So not too far from enemy territory at Scarborough then?
Perhaps you could slip in there and let us all know what the council are up to?


----------



## aldra (Jul 2, 2009)

Barry

We are switching off the phone

If its really desperate

Well you will have to send the police

You have the address

It's michelle I'm worrying about

Ok, we have put the phone back on

Aldra


----------



## StewartJ (Nov 20, 2009)

Have a great time Barry, were off to Kelso Boxing day till 3 rd January on the MHC rally, lots of booze, live entertainment and great company as in previous years, 

Watch them donkeys big boy ;-)


----------



## tugboat (Sep 14, 2013)

You arrived yet, Barry? What have you broken?:roll:

I'm now down at the tip of Cornwall, a bit wild and wooly and the van is swaying a bit despite being in the lee of some bushes.

Gonna make a large G&T and will have to be careful not to spill any.

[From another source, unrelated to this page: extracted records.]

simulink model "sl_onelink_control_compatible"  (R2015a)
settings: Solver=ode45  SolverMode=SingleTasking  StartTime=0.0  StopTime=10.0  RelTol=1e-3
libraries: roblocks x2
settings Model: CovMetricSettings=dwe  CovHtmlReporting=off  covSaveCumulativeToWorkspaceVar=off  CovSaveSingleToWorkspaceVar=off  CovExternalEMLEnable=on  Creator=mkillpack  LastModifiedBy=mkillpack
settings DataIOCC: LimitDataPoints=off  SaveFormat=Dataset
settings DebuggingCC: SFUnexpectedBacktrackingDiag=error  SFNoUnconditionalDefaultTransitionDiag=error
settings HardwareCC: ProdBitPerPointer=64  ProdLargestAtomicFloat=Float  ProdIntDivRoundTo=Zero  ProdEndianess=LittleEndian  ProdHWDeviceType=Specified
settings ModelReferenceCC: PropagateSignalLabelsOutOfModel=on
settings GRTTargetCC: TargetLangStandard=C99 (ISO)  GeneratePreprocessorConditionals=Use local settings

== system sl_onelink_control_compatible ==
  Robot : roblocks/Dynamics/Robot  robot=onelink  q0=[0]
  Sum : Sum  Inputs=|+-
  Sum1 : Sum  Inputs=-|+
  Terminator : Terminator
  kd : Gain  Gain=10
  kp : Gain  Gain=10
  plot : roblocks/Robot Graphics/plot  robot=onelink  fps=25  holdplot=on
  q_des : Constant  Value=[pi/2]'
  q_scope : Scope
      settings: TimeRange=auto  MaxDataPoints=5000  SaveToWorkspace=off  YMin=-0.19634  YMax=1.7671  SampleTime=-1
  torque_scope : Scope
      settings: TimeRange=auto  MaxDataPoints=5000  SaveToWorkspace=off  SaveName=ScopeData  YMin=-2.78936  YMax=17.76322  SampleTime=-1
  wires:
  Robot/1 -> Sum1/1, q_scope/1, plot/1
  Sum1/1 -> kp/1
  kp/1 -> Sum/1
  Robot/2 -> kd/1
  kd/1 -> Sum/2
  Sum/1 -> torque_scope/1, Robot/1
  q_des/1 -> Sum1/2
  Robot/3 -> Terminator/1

May need the motion sickness pills if the wind picks up any more! :lol: 

No phone signal and need to plug into a TV aerial on top of a nearby hill. Gotta luv Cornwall!

Just been feeding the donkeys carrots and sugar lumps, TB is communing with nature.


----------



## Tucano (Jun 9, 2006)

Merry Christmas to the both of you, and to anyone else reading this post. 
Have fun wherever you are.
Norman.


----------



## nicholsong (May 26, 2009)

TB

Penzance 23/12 0600-1200 SSW veering SW F7 gusting F!0

Methinks time to lay a second anchor :wink: :lol: :lol: 

And maybe an extra 'nightcap'

Geoff


----------



## barryd (May 9, 2008)

Cheers Folks!

Well we arrived in one piece. Christmas has begun! Hopefully we can now chill out a bit!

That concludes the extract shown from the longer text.